(Data excerpts)

* * * * *

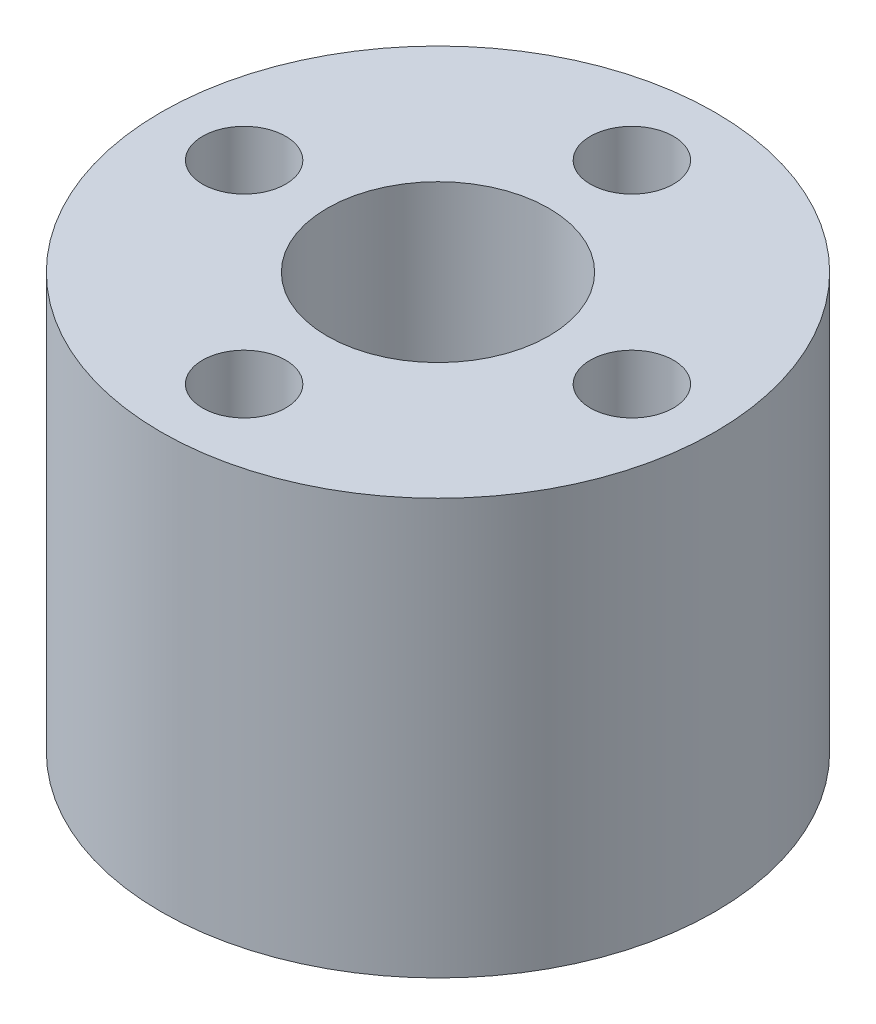
ISO-10303-21;
HEADER;
FILE_DESCRIPTION(('STEP AP214'),'2;1');
FILE_NAME('part.step','',(''),(''),'','','');
FILE_SCHEMA(('AUTOMOTIVE_DESIGN { 1 0 10303 214 1 1 1 1 }'));
ENDSEC;
DATA;
#1=APPLICATION_CONTEXT('core data for automotive mechanical design processes');
#2=APPLICATION_PROTOCOL_DEFINITION('international standard','automotive_design',2000,#1);
#3=PRODUCT_CONTEXT('',#1,'mechanical');
#4=PRODUCT('Part','Part','',(#3));
#5=PRODUCT_RELATED_PRODUCT_CATEGORY('part','',(#4));
#6=PRODUCT_DEFINITION_FORMATION('','',#4);
#7=PRODUCT_DEFINITION_CONTEXT('part definition',#1,'design');
#8=PRODUCT_DEFINITION('design','',#6,#7);
#9=PRODUCT_DEFINITION_SHAPE('','',#8);
#10=(LENGTH_UNIT() NAMED_UNIT(*) SI_UNIT(.MILLI.,.METRE.));
#11=(NAMED_UNIT(*) PLANE_ANGLE_UNIT() SI_UNIT($,.RADIAN.));
#12=(NAMED_UNIT(*) SI_UNIT($,.STERADIAN.) SOLID_ANGLE_UNIT());
#13=UNCERTAINTY_MEASURE_WITH_UNIT(LENGTH_MEASURE(1.E-05),#10,'distance_accuracy_value','');
#14=(GEOMETRIC_REPRESENTATION_CONTEXT(3) GLOBAL_UNCERTAINTY_ASSIGNED_CONTEXT((#13)) GLOBAL_UNIT_ASSIGNED_CONTEXT((#10,
#11,#12)) REPRESENTATION_CONTEXT('',''));
#15=CARTESIAN_POINT('',(0.,0.,0.));
#16=DIRECTION('',(0.,0.,1.));
#17=DIRECTION('',(1.,0.,0.));
#18=AXIS2_PLACEMENT_3D('',#15,#16,#17);
#19=CARTESIAN_POINT('',(0.,15.,0.));
#20=DIRECTION('',(0.,-1.,0.));
#21=DIRECTION('',(0.,0.,-1.));
#22=AXIS2_PLACEMENT_3D('',#19,#20,#21);
#23=CYLINDRICAL_SURFACE('',#22,4.);
#24=CARTESIAN_POINT('',(0.,15.,0.));
#25=DIRECTION('',(0.,1.,0.));
#26=DIRECTION('',(0.,0.,1.));
#27=AXIS2_PLACEMENT_3D('',#24,#25,#26);
#28=CIRCLE('',#27,4.);
#29=CARTESIAN_POINT('',(0.,15.,4.));
#30=VERTEX_POINT('',#29);
#31=EDGE_CURVE('E43',#30,#30,#28,.T.);
#32=ORIENTED_EDGE('',*,*,#31,.T.);
#33=EDGE_LOOP('',(#32));
#34=FACE_BOUND('',#33,.T.);
#35=CARTESIAN_POINT('',(0.,0.,0.));
#36=DIRECTION('',(0.,1.,0.));
#37=DIRECTION('',(0.,0.,1.));
#38=AXIS2_PLACEMENT_3D('',#35,#36,#37);
#39=CIRCLE('',#38,4.);
#40=CARTESIAN_POINT('',(0.,0.,4.));
#41=VERTEX_POINT('',#40);
#42=EDGE_CURVE('E63',#41,#41,#39,.T.);
#43=ORIENTED_EDGE('',*,*,#42,.F.);
#44=EDGE_LOOP('',(#43));
#45=FACE_BOUND('',#44,.T.);
#46=ADVANCED_FACE('F35',(#34,#45),#23,.F.);
#47=CARTESIAN_POINT('',(7.,15.,0.));
#48=DIRECTION('',(0.,-1.,0.));
#49=DIRECTION('',(0.,0.,-1.));
#50=AXIS2_PLACEMENT_3D('',#47,#48,#49);
#51=CYLINDRICAL_SURFACE('',#50,1.5);
#52=CARTESIAN_POINT('',(7.,15.,0.));
#53=DIRECTION('',(0.,1.,0.));
#54=DIRECTION('',(0.,0.,1.));
#55=AXIS2_PLACEMENT_3D('',#52,#53,#54);
#56=CIRCLE('',#55,1.5);
#57=CARTESIAN_POINT('',(7.,15.,1.5));
#58=VERTEX_POINT('',#57);
#59=EDGE_CURVE('E48',#58,#58,#56,.T.);
#60=ORIENTED_EDGE('',*,*,#59,.T.);
#61=EDGE_LOOP('',(#60));
#62=FACE_BOUND('',#61,.T.);
#63=CARTESIAN_POINT('',(7.,0.,0.));
#64=DIRECTION('',(0.,1.,0.));
#65=DIRECTION('',(0.,0.,1.));
#66=AXIS2_PLACEMENT_3D('',#63,#64,#65);
#67=CIRCLE('',#66,1.5);
#68=CARTESIAN_POINT('',(7.,0.,1.5));
#69=VERTEX_POINT('',#68);
#70=EDGE_CURVE('E61',#69,#69,#67,.T.);
#71=ORIENTED_EDGE('',*,*,#70,.F.);
#72=EDGE_LOOP('',(#71));
#73=FACE_BOUND('',#72,.T.);
#74=ADVANCED_FACE('F84',(#62,#73),#51,.F.);
#75=CARTESIAN_POINT('',(0.,15.,-7.));
#76=DIRECTION('',(0.,-1.,0.));
#77=DIRECTION('',(0.,0.,-1.));
#78=AXIS2_PLACEMENT_3D('',#75,#76,#77);
#79=CYLINDRICAL_SURFACE('',#78,1.5);
#80=CARTESIAN_POINT('',(0.,15.,-7.));
#81=DIRECTION('',(0.,1.,0.));
#82=DIRECTION('',(0.,0.,1.));
#83=AXIS2_PLACEMENT_3D('',#80,#81,#82);
#84=CIRCLE('',#83,1.5);
#85=CARTESIAN_POINT('',(0.,15.,-5.5));
#86=VERTEX_POINT('',#85);
#87=EDGE_CURVE('E77',#86,#86,#84,.T.);
#88=ORIENTED_EDGE('',*,*,#87,.T.);
#89=EDGE_LOOP('',(#88));
#90=FACE_BOUND('',#89,.T.);
#91=CARTESIAN_POINT('',(0.,0.,-7.));
#92=DIRECTION('',(0.,1.,0.));
#93=DIRECTION('',(0.,0.,1.));
#94=AXIS2_PLACEMENT_3D('',#91,#92,#93);
#95=CIRCLE('',#94,1.5);
#96=CARTESIAN_POINT('',(0.,0.,-5.5));
#97=VERTEX_POINT('',#96);
#98=EDGE_CURVE('E58',#97,#97,#95,.T.);
#99=ORIENTED_EDGE('',*,*,#98,.F.);
#100=EDGE_LOOP('',(#99));
#101=FACE_BOUND('',#100,.T.);
#102=ADVANCED_FACE('F102',(#90,#101),#79,.F.);
#103=CARTESIAN_POINT('',(-7.,15.,0.));
#104=DIRECTION('',(0.,-1.,0.));
#105=DIRECTION('',(0.,0.,-1.));
#106=AXIS2_PLACEMENT_3D('',#103,#104,#105);
#107=CYLINDRICAL_SURFACE('',#106,1.5);
#108=CARTESIAN_POINT('',(-7.,15.,0.));
#109=DIRECTION('',(0.,1.,0.));
#110=DIRECTION('',(0.,0.,1.));
#111=AXIS2_PLACEMENT_3D('',#108,#109,#110);
#112=CIRCLE('',#111,1.5);
#113=CARTESIAN_POINT('',(-7.,15.,1.5));
#114=VERTEX_POINT('',#113);
#115=EDGE_CURVE('E72',#114,#114,#112,.T.);
#116=ORIENTED_EDGE('',*,*,#115,.T.);
#117=EDGE_LOOP('',(#116));
#118=FACE_BOUND('',#117,.T.);
#119=CARTESIAN_POINT('',(-7.,0.,0.));
#120=DIRECTION('',(0.,1.,0.));
#121=DIRECTION('',(0.,0.,1.));
#122=AXIS2_PLACEMENT_3D('',#119,#120,#121);
#123=CIRCLE('',#122,1.5);
#124=CARTESIAN_POINT('',(-7.,0.,1.5));
#125=VERTEX_POINT('',#124);
#126=EDGE_CURVE('E55',#125,#125,#123,.T.);
#127=ORIENTED_EDGE('',*,*,#126,.F.);
#128=EDGE_LOOP('',(#127));
#129=FACE_BOUND('',#128,.T.);
#130=ADVANCED_FACE('F108',(#118,#129),#107,.F.);
#131=CARTESIAN_POINT('',(0.,15.,7.));
#132=DIRECTION('',(0.,-1.,0.));
#133=DIRECTION('',(0.,0.,-1.));
#134=AXIS2_PLACEMENT_3D('',#131,#132,#133);
#135=CYLINDRICAL_SURFACE('',#134,1.5);
#136=CARTESIAN_POINT('',(0.,15.,7.));
#137=DIRECTION('',(0.,1.,0.));
#138=DIRECTION('',(0.,0.,1.));
#139=AXIS2_PLACEMENT_3D('',#136,#137,#138);
#140=CIRCLE('',#139,1.5);
#141=CARTESIAN_POINT('',(0.,15.,8.5));
#142=VERTEX_POINT('',#141);
#143=EDGE_CURVE('E68',#142,#142,#140,.T.);
#144=ORIENTED_EDGE('',*,*,#143,.T.);
#145=EDGE_LOOP('',(#144));
#146=FACE_BOUND('',#145,.T.);
#147=CARTESIAN_POINT('',(0.,0.,7.));
#148=DIRECTION('',(0.,1.,0.));
#149=DIRECTION('',(0.,0.,1.));
#150=AXIS2_PLACEMENT_3D('',#147,#148,#149);
#151=CIRCLE('',#150,1.5);
#152=CARTESIAN_POINT('',(0.,0.,8.5));
#153=VERTEX_POINT('',#152);
#154=EDGE_CURVE('E52',#153,#153,#151,.T.);
#155=ORIENTED_EDGE('',*,*,#154,.F.);
#156=EDGE_LOOP('',(#155));
#157=FACE_BOUND('',#156,.T.);
#158=ADVANCED_FACE('F37',(#146,#157),#135,.F.);
#159=CARTESIAN_POINT('',(0.,15.,0.));
#160=DIRECTION('',(0.,-1.,0.));
#161=DIRECTION('',(0.,0.,-1.));
#162=AXIS2_PLACEMENT_3D('',#159,#160,#161);
#163=CYLINDRICAL_SURFACE('',#162,10.);
#164=CARTESIAN_POINT('',(0.,15.,0.));
#165=DIRECTION('',(0.,1.,0.));
#166=DIRECTION('',(0.,0.,1.));
#167=AXIS2_PLACEMENT_3D('',#164,#165,#166);
#168=CIRCLE('',#167,10.);
#169=CARTESIAN_POINT('',(0.,15.,10.));
#170=VERTEX_POINT('',#169);
#171=EDGE_CURVE('E10',#170,#170,#168,.T.);
#172=ORIENTED_EDGE('',*,*,#171,.F.);
#173=EDGE_LOOP('',(#172));
#174=FACE_BOUND('',#173,.T.);
#175=CARTESIAN_POINT('',(0.,0.,0.));
#176=DIRECTION('',(0.,1.,0.));
#177=DIRECTION('',(0.,0.,1.));
#178=AXIS2_PLACEMENT_3D('',#175,#176,#177);
#179=CIRCLE('',#178,10.);
#180=CARTESIAN_POINT('',(0.,0.,10.));
#181=VERTEX_POINT('',#180);
#182=EDGE_CURVE('E39',#181,#181,#179,.T.);
#183=ORIENTED_EDGE('',*,*,#182,.T.);
#184=EDGE_LOOP('',(#183));
#185=FACE_BOUND('',#184,.T.);
#186=ADVANCED_FACE('F91',(#174,#185),#163,.T.);
#187=CARTESIAN_POINT('',(0.,15.,0.));
#188=DIRECTION('',(0.,1.,0.));
#189=DIRECTION('',(0.,0.,1.));
#190=AXIS2_PLACEMENT_3D('',#187,#188,#189);
#191=PLANE('',#190);
#192=ORIENTED_EDGE('',*,*,#143,.F.);
#193=EDGE_LOOP('',(#192));
#194=FACE_BOUND('',#193,.T.);
#195=ORIENTED_EDGE('',*,*,#115,.F.);
#196=EDGE_LOOP('',(#195));
#197=FACE_BOUND('',#196,.T.);
#198=ORIENTED_EDGE('',*,*,#87,.F.);
#199=EDGE_LOOP('',(#198));
#200=FACE_BOUND('',#199,.T.);
#201=ORIENTED_EDGE('',*,*,#59,.F.);
#202=EDGE_LOOP('',(#201));
#203=FACE_BOUND('',#202,.T.);
#204=ORIENTED_EDGE('',*,*,#31,.F.);
#205=EDGE_LOOP('',(#204));
#206=FACE_BOUND('',#205,.T.);
#207=ORIENTED_EDGE('',*,*,#171,.T.);
#208=EDGE_LOOP('',(#207));
#209=FACE_BOUND('',#208,.T.);
#210=ADVANCED_FACE('F87',(#194,#197,#200,#203,#206,#209),#191,.T.);
#211=CARTESIAN_POINT('',(0.,0.,0.));
#212=DIRECTION('',(0.,1.,0.));
#213=DIRECTION('',(0.,0.,1.));
#214=AXIS2_PLACEMENT_3D('',#211,#212,#213);
#215=PLANE('',#214);
#216=ORIENTED_EDGE('',*,*,#154,.T.);
#217=EDGE_LOOP('',(#216));
#218=FACE_BOUND('',#217,.T.);
#219=ORIENTED_EDGE('',*,*,#126,.T.);
#220=EDGE_LOOP('',(#219));
#221=FACE_BOUND('',#220,.T.);
#222=ORIENTED_EDGE('',*,*,#98,.T.);
#223=EDGE_LOOP('',(#222));
#224=FACE_BOUND('',#223,.T.);
#225=ORIENTED_EDGE('',*,*,#70,.T.);
#226=EDGE_LOOP('',(#225));
#227=FACE_BOUND('',#226,.T.);
#228=ORIENTED_EDGE('',*,*,#42,.T.);
#229=EDGE_LOOP('',(#228));
#230=FACE_BOUND('',#229,.T.);
#231=ORIENTED_EDGE('',*,*,#182,.F.);
#232=EDGE_LOOP('',(#231));
#233=FACE_BOUND('',#232,.T.);
#234=ADVANCED_FACE('F90',(#218,#221,#224,#227,#230,#233),#215,.F.);
#235=CLOSED_SHELL('',(#46,#74,#102,#130,#158,#186,#210,#234));
#236=MANIFOLD_SOLID_BREP('B2',#235);
#237=ADVANCED_BREP_SHAPE_REPRESENTATION('',(#18,#236),#14);
#238=SHAPE_DEFINITION_REPRESENTATION(#9,#237);
ENDSEC;
END-ISO-10303-21;

* * * * *

WHAT TO DO
For the lines above, output exactly those from the line containing "#156=EDGE_LOOP('',(#155));" through the line containing "#176=DIRECTION('',(0.,1.,0.));", and skip the others.

RESPONSE BOX
#156=EDGE_LOOP('',(#155));
#157=FACE_BOUND('',#156,.T.);
#158=ADVANCED_FACE('F37',(#146,#157),#135,.F.);
#159=CARTESIAN_POINT('',(0.,15.,0.));
#160=DIRECTION('',(0.,-1.,0.));
#161=DIRECTION('',(0.,0.,-1.));
#162=AXIS2_PLACEMENT_3D('',#159,#160,#161);
#163=CYLINDRICAL_SURFACE('',#162,10.);
#164=CARTESIAN_POINT('',(0.,15.,0.));
#165=DIRECTION('',(0.,1.,0.));
#166=DIRECTION('',(0.,0.,1.));
#167=AXIS2_PLACEMENT_3D('',#164,#165,#166);
#168=CIRCLE('',#167,10.);
#169=CARTESIAN_POINT('',(0.,15.,10.));
#170=VERTEX_POINT('',#169);
#171=EDGE_CURVE('E10',#170,#170,#168,.T.);
#172=ORIENTED_EDGE('',*,*,#171,.F.);
#173=EDGE_LOOP('',(#172));
#174=FACE_BOUND('',#173,.T.);
#175=CARTESIAN_POINT('',(0.,0.,0.));
#176=DIRECTION('',(0.,1.,0.));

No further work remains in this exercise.